The results for matrix effect are shown in Table S1. The obtained values highlight a strong increasing in signal for gemcitabine and a quenching effect for dacarbazine and 5-fluorouracil.

3.3.3. Accuracy and Precision

Table S2 shows the accuracy and precision values obtained for the three IQC levels during validation. The obtained results are precision (expressed as RSD) between 5 and 16% and accuracy (expressed as experimental-theoretical concentration ratio) between 90 and 109%.

3.4. QSRR Results

The unsupervised data exploration was performed by PCA on 18 molecular descriptors encoding electronic and steric properties of the chemicals. Data were autoscaled before calculation.
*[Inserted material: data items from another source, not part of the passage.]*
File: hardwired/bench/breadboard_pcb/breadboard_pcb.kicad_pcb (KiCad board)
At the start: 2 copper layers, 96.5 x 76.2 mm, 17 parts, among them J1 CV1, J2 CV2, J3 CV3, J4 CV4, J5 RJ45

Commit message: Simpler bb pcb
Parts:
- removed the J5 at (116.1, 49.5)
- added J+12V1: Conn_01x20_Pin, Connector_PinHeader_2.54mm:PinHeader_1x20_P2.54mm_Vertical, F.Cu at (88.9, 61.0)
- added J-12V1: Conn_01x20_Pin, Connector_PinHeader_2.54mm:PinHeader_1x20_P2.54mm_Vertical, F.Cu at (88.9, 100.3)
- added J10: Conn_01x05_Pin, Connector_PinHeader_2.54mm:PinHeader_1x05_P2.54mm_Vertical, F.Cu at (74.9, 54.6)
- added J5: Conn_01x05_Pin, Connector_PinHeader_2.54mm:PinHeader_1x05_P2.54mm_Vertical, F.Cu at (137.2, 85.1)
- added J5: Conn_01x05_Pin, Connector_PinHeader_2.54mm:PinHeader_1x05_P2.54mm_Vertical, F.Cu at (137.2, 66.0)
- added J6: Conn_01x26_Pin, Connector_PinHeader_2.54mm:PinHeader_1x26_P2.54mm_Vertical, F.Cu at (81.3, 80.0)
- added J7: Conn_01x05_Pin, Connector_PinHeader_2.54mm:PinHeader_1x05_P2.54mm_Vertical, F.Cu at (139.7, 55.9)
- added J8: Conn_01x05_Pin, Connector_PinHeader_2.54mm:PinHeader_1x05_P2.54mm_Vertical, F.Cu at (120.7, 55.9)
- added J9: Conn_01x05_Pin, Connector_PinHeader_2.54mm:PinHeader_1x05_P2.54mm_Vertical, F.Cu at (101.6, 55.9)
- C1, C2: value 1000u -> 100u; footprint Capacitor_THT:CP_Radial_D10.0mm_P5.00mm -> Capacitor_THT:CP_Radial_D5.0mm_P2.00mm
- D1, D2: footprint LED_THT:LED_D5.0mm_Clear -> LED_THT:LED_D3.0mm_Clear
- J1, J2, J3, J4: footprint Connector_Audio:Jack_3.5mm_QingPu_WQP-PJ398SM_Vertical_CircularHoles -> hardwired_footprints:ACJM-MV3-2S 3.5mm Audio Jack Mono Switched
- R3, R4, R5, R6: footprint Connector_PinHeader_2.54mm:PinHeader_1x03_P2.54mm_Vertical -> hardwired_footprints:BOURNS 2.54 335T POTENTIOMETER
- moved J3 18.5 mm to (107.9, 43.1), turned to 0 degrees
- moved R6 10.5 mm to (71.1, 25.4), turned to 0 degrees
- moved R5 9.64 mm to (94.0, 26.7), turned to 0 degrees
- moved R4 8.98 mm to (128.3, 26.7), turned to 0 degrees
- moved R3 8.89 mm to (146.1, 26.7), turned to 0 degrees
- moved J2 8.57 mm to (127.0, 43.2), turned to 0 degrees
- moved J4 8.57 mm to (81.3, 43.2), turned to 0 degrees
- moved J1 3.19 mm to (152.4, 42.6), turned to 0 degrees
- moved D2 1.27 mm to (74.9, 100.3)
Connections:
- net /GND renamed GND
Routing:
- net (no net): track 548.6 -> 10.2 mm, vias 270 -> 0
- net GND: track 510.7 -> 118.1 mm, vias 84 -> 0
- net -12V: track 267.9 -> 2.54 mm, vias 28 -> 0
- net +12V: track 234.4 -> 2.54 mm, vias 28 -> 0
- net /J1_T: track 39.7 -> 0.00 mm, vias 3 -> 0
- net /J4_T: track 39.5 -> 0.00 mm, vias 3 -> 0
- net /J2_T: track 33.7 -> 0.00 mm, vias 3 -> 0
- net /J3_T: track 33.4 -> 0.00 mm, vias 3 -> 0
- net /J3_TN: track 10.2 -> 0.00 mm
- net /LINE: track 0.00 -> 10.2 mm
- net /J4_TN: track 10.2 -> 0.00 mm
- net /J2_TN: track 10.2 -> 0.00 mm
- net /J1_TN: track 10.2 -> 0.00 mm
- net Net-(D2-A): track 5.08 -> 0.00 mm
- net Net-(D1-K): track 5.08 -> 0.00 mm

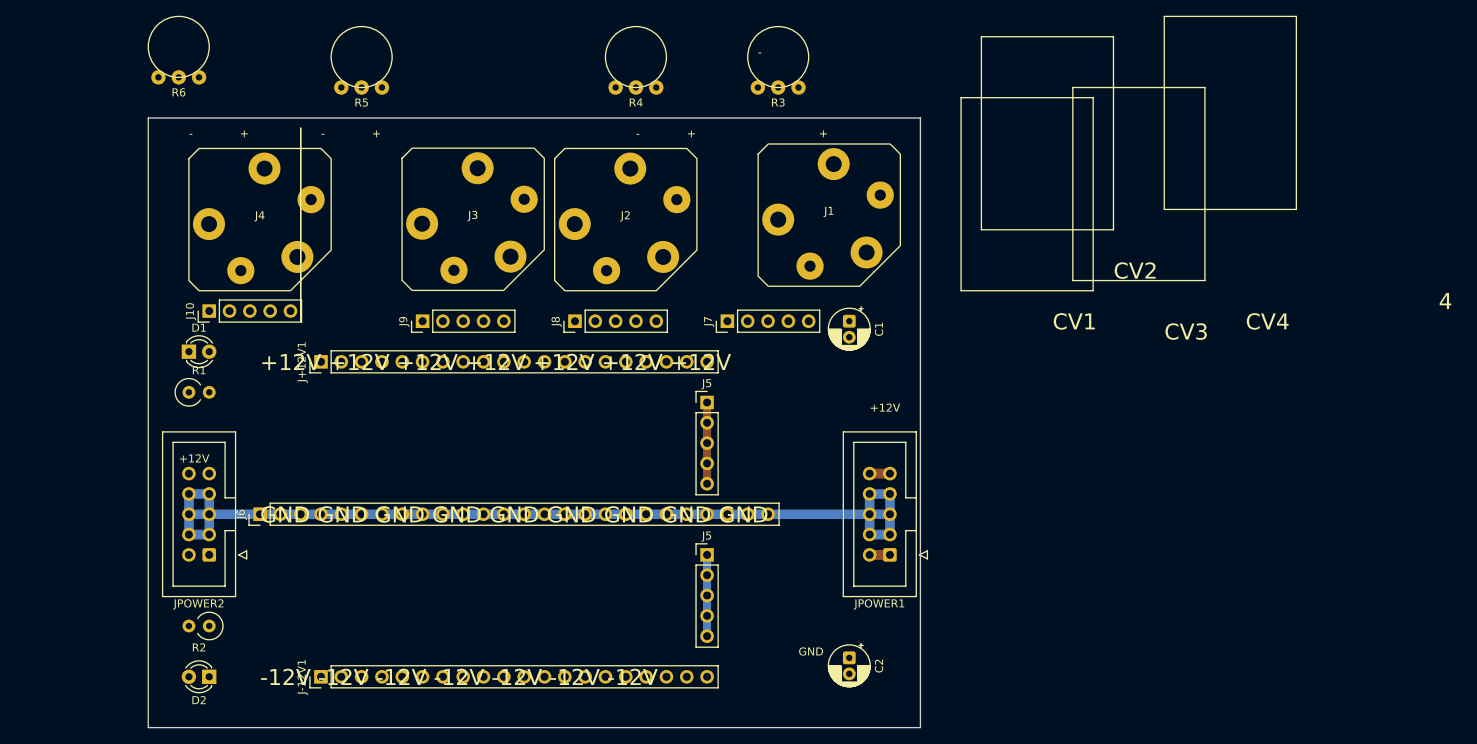
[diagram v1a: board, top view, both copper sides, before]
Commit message: Add improved breadboard PCB
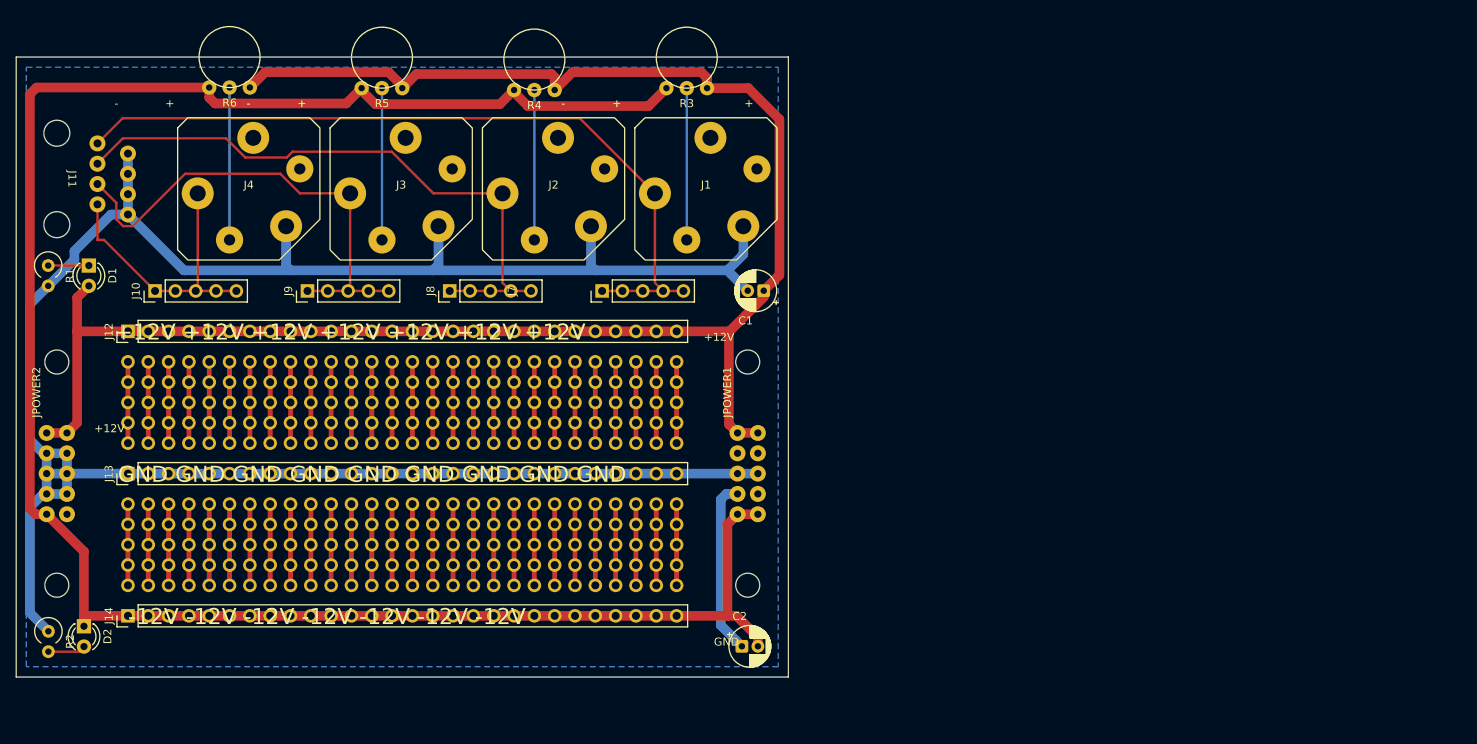
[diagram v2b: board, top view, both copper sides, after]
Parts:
- removed J+12V1, J-12V1: Conn_01x20_Pin, Connector_PinHeader_2.54mm:PinHeader_1x20_P2.54mm_Vertical
- removed J5 (x2): Conn_01x05_Pin, Connector_PinHeader_2.54mm:PinHeader_1x05_P2.54mm_Vertical
- removed J6: Conn_01x26_Pin, Connector_PinHeader_2.54mm:PinHeader_1x26_P2.54mm_Vertical
- added ?: , , F.Cu at (100.3, 71.1)
- added ?: , , F.Cu at (133.3, 83.8)
- added ?: , , F.Cu at (90.2, 63.5)
- added ?: , , F.Cu at (90.2, 61.0)
- added ?: , , F.Cu at (128.3, 61.0)
- added ?: , , F.Cu at (113.0, 78.7)
- added ?: , , F.Cu at (115.6, 78.7)
- added ?: , , F.Cu at (85.1, 78.7)
- added ?: , , F.Cu at (72.4, 81.3)
- added ?: , , F.Cu at (133.3, 88.9)
- added ?: , , F.Cu at (69.8, 71.1)
- added ?: , , F.Cu at (72.4, 78.7)
- added ?: , , F.Cu at (123.2, 71.1)
- added ?: , , F.Cu at (110.5, 61.0)
- added ?: , , F.Cu at (85.1, 88.9)
- added ?: , , F.Cu at (74.9, 83.8)
- added ?: , , F.Cu at (118.1, 66.0)
- added ?: , , F.Cu at (102.9, 88.9)
- added ?: , , F.Cu at (69.8, 83.8)
- added ?: , , F.Cu at (77.5, 68.6)
- added ?: , , F.Cu at (108.0, 83.8)
- added ?: , , F.Cu at (77.5, 88.9)
- added ?: , , F.Cu at (130.8, 86.4)
- added ?: , , F.Cu at (110.5, 78.7)
- added ?: , , F.Cu at (82.5, 83.8)
- added ?: , , F.Cu at (110.5, 86.4)
- added ?: , , F.Cu at (105.4, 63.5)
- added ?: , , F.Cu at (110.5, 88.9)
- added ?: , , F.Cu at (72.4, 61.0)
- added ?: , , F.Cu at (105.4, 68.6)
- added ?: , , F.Cu at (120.7, 61.0)
- added ?: , , F.Cu at (72.4, 88.9)
- added ?: , , F.Cu at (80.0, 71.1)
- added ?: , , F.Cu at (108.0, 78.7)
- added ?: , , F.Cu at (125.7, 66.0)
- added ?: , , F.Cu at (100.3, 86.4)
- added ?: , , F.Cu at (118.1, 78.7)
- added ?: , , F.Cu at (120.7, 81.3)
- added ?: , , F.Cu at (120.7, 66.0)
- added ?: , , F.Cu at (128.3, 63.5)
- added ?: , , F.Cu at (90.2, 88.9)
- added ?: , , F.Cu at (123.2, 63.5)
- added ?: , , F.Cu at (77.5, 63.5)
- added ?: , , F.Cu at (105.4, 61.0)
- added ?: , , F.Cu at (92.7, 88.9)
- added ?: , , F.Cu at (97.8, 61.0)
- added ?: , , F.Cu at (92.7, 66.0)
- added ?: , , F.Cu at (113.0, 71.1)
- added ?: , , F.Cu at (128.3, 88.9)
- added ?: , , F.Cu at (123.2, 66.0)
- added ?: , , F.Cu at (108.0, 66.0)
- added ?: , , F.Cu at (113.0, 88.9)
- added ?: , , F.Cu at (80.0, 86.4)
- added ?: , , F.Cu at (125.7, 88.9)
- added ?: , , F.Cu at (130.8, 66.0)
- added ?: , , F.Cu at (64.8, 78.7)
- added ?: , , F.Cu at (80.0, 83.8)
- added ?: , , F.Cu at (67.3, 83.8)
- added ?: , , F.Cu at (130.8, 71.1)
- added ?: , , F.Cu at (67.3, 61.0)
- added ?: , , F.Cu at (102.9, 83.8)
- added ?: , , F.Cu at (115.6, 83.8)
- added ?: , , F.Cu at (118.1, 81.3)
- added ?: , , F.Cu at (130.8, 88.9)
- added ?: , , F.Cu at (123.2, 81.3)
- added ?: , , F.Cu at (82.5, 61.0)
- added ?: , , F.Cu at (100.3, 81.3)
- added ?: , , F.Cu at (123.2, 86.4)
- added ?: , , F.Cu at (113.0, 61.0)
- added ?: , , F.Cu at (92.7, 61.0)
- added ?: , , F.Cu at (115.6, 71.1)
- added ?: , , F.Cu at (72.4, 63.5)
- added ?: , , F.Cu at (115.6, 61.0)
- added ?: , , F.Cu at (115.6, 63.5)
- added ?: , , F.Cu at (95.2, 68.6)
- added ?: , , F.Cu at (118.1, 63.5)
- added ?: , , F.Cu at (108.0, 86.4)
- added ?: , , F.Cu at (67.3, 88.9)
- added ?: , , F.Cu at (90.2, 66.0)
- added ?: , , F.Cu at (120.7, 63.5)
- added ?: , , F.Cu at (110.5, 71.1)
- added ?: , , F.Cu at (95.2, 86.4)
- added ?: , , F.Cu at (113.0, 63.5)
- added ?: , , F.Cu at (110.5, 68.6)
- added ?: , , F.Cu at (125.7, 83.8)
- added ?: , , F.Cu at (64.8, 66.0)
- added ?: , , F.Cu at (130.8, 83.8)
- added ?: , , F.Cu at (85.1, 63.5)
- added ?: , , F.Cu at (82.5, 68.6)
- added ?: , , F.Cu at (108.0, 81.3)
- added ?: , , F.Cu at (128.3, 68.6)
- added ?: , , F.Cu at (100.3, 63.5)
- added ?: , , F.Cu at (120.7, 78.7)
- added ?: , , F.Cu at (120.7, 83.8)
- added ?: , , F.Cu at (67.3, 81.3)
- added ?: , , F.Cu at (67.3, 71.1)
- added ?: , , F.Cu at (128.3, 78.7)
- added ?: , , F.Cu at (100.3, 88.9)
- added ?: , , F.Cu at (80.0, 88.9)
- added ?: , , F.Cu at (133.3, 81.3)
- added ?: , , F.Cu at (105.4, 81.3)
- added ?: , , F.Cu at (123.2, 68.6)
- added ?: , , F.Cu at (64.8, 68.6)
- added ?: , , F.Cu at (128.3, 81.3)
- added ?: , , F.Cu at (102.9, 86.4)
- added ?: , , F.Cu at (105.4, 71.1)
- added ?: , , F.Cu at (92.7, 63.5)
- added ?: , , F.Cu at (115.6, 81.3)
- added ?: , , F.Cu at (102.9, 81.3)
- added ?: , , F.Cu at (82.5, 88.9)
- added ?: , , F.Cu at (92.7, 78.7)
- added ?: , , F.Cu at (130.8, 68.6)
- added ?: , , F.Cu at (69.8, 88.9)
- added ?: , , F.Cu at (125.7, 81.3)
- added ?: , , F.Cu at (67.3, 68.6)
- added ?: , , F.Cu at (72.4, 68.6)
- added ?: , , F.Cu at (90.2, 83.8)
- added ?: , , F.Cu at (64.8, 61.0)
- added ?: , , F.Cu at (64.8, 71.1)
- added ?: , , F.Cu at (87.6, 88.9)
- added ?: , , F.Cu at (64.8, 63.5)
- added ?: , , F.Cu at (108.0, 68.6)
- added ?: , , F.Cu at (133.3, 63.5)
- added ?: , , F.Cu at (95.2, 71.1)
- added ?: , , F.Cu at (97.8, 68.6)
- added ?: , , F.Cu at (92.7, 68.6)
- added ?: , , F.Cu at (82.5, 86.4)
- added ?: , , F.Cu at (120.7, 88.9)
- added ?: , , F.Cu at (80.0, 68.6)
- added ?: , , F.Cu at (80.0, 66.0)
- added ?: , , F.Cu at (85.1, 81.3)
- added ?: , , F.Cu at (97.8, 83.8)
- added ?: , , F.Cu at (77.5, 71.1)
- added ?: , , F.Cu at (92.7, 86.4)
- added ?: , , F.Cu at (64.8, 86.4)
- added ?: , , F.Cu at (82.5, 66.0)
- added ?: , , F.Cu at (90.2, 68.6)
- added ?: , , F.Cu at (72.4, 83.8)
- added ?: , , F.Cu at (69.8, 63.5)
- added ?: , , F.Cu at (100.3, 68.6)
- added ?: , , F.Cu at (115.6, 68.6)
- added ?: , , F.Cu at (95.2, 61.0)
- added ?: , , F.Cu at (133.3, 71.1)
- added ?: , , F.Cu at (77.5, 83.8)
- added ?: , , F.Cu at (85.1, 83.8)
- added ?: , , F.Cu at (69.8, 66.0)
- added ?: , , F.Cu at (87.6, 78.7)
- added ?: , , F.Cu at (69.8, 86.4)
- added ?: , , F.Cu at (95.2, 81.3)
- added ?: , , F.Cu at (64.8, 81.3)
- added ?: , , F.Cu at (123.2, 61.0)
- added ?: , , F.Cu at (90.2, 78.7)
- added ?: , , F.Cu at (74.9, 68.6)
- added ?: , , F.Cu at (133.3, 61.0)
- added ?: , , F.Cu at (118.1, 88.9)
- added ?: , , F.Cu at (130.8, 81.3)
- added ?: , , F.Cu at (115.6, 66.0)
- added ?: , , F.Cu at (125.7, 78.7)
- added ?: , , F.Cu at (133.3, 86.4)
- added ?: , , F.Cu at (110.5, 66.0)
- added ?: , , F.Cu at (72.4, 71.1)
- added ?: , , F.Cu at (69.8, 81.3)
- added ?: , , F.Cu at (100.3, 78.7)
- added ?: , , F.Cu at (85.1, 71.1)
- added ?: , , F.Cu at (118.1, 68.6)
- added ?: , , F.Cu at (133.3, 78.7)
- added ?: , , F.Cu at (67.3, 78.7)
- added ?: , , F.Cu at (120.7, 68.6)
- added ?: , , F.Cu at (102.9, 68.6)
- added ?: , , F.Cu at (118.1, 61.0)
- added ?: , , F.Cu at (113.0, 66.0)
- added ?: , , F.Cu at (108.0, 88.9)
- added ?: , , F.Cu at (130.8, 78.7)
- added ?: , , F.Cu at (97.8, 66.0)
- added ?: , , F.Cu at (72.4, 66.0)
- added ?: , , F.Cu at (108.0, 61.0)
- added ?: , , F.Cu at (77.5, 86.4)
- added ?: , , F.Cu at (102.9, 78.7)
- added ?: , , F.Cu at (90.2, 81.3)
- added ?: , , F.Cu at (97.8, 88.9)
- added ?: , , F.Cu at (130.8, 61.0)
- added ?: , , F.Cu at (128.3, 71.1)
- added ?: , , F.Cu at (64.8, 83.8)
- added ?: , , F.Cu at (102.9, 61.0)
- added ?: , , F.Cu at (113.0, 83.8)
- added ?: , , F.Cu at (74.9, 63.5)
- added ?: , , F.Cu at (97.8, 63.5)
- added ?: , , F.Cu at (100.3, 66.0)
- added ?: , , F.Cu at (87.6, 66.0)
- added ?: , , F.Cu at (97.8, 81.3)
- added ?: , , F.Cu at (108.0, 63.5)
- added ?: , , F.Cu at (90.2, 86.4)
- added ?: , , F.Cu at (92.7, 83.8)
- added ?: , , F.Cu at (102.9, 66.0)
- added ?: , , F.Cu at (118.1, 71.1)
- added ?: , , F.Cu at (74.9, 86.4)
- added ?: , , F.Cu at (80.0, 63.5)
- added ?: , , F.Cu at (87.6, 83.8)
- added ?: , , F.Cu at (128.3, 86.4)
- added ?: , , F.Cu at (74.9, 78.7)
- added ?: , , F.Cu at (95.2, 78.7)
- added ?: , , F.Cu at (125.7, 61.0)
- added ?: , , F.Cu at (123.2, 88.9)
- added ?: , , F.Cu at (80.0, 81.3)
- added ?: , , F.Cu at (87.6, 61.0)
- added ?: , , F.Cu at (128.3, 66.0)
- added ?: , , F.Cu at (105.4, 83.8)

The main PCA results are shown in Figure 2. In particular, the score plot (Figure 2A) allowed a preliminary qualitative evaluation of the relationships between molecular structure features of ADs and intraday retention factor, while the corresponding loading plot (Figure 2B) allowed to understand which descriptors are mainly responsible for the retention behaviour of chemicals.
The results of OLS regression analysis on the same data set are reported in Figure 2C,D, which show the experimental versus predicted retention factors and the standardised coefficients of the regression model based on three molecular descriptors (MW, LDI and TPSA), respectively.

3.5. Real Sample Analysis

The method was tested on real samples from an ADs surface contamination monitoring campaign in a hospital administration unit.
From a panel of 82 samples, 28 end-shift wipes showed contamination of the daily used drugs, 21 of which were greater than 100 pg/cm2.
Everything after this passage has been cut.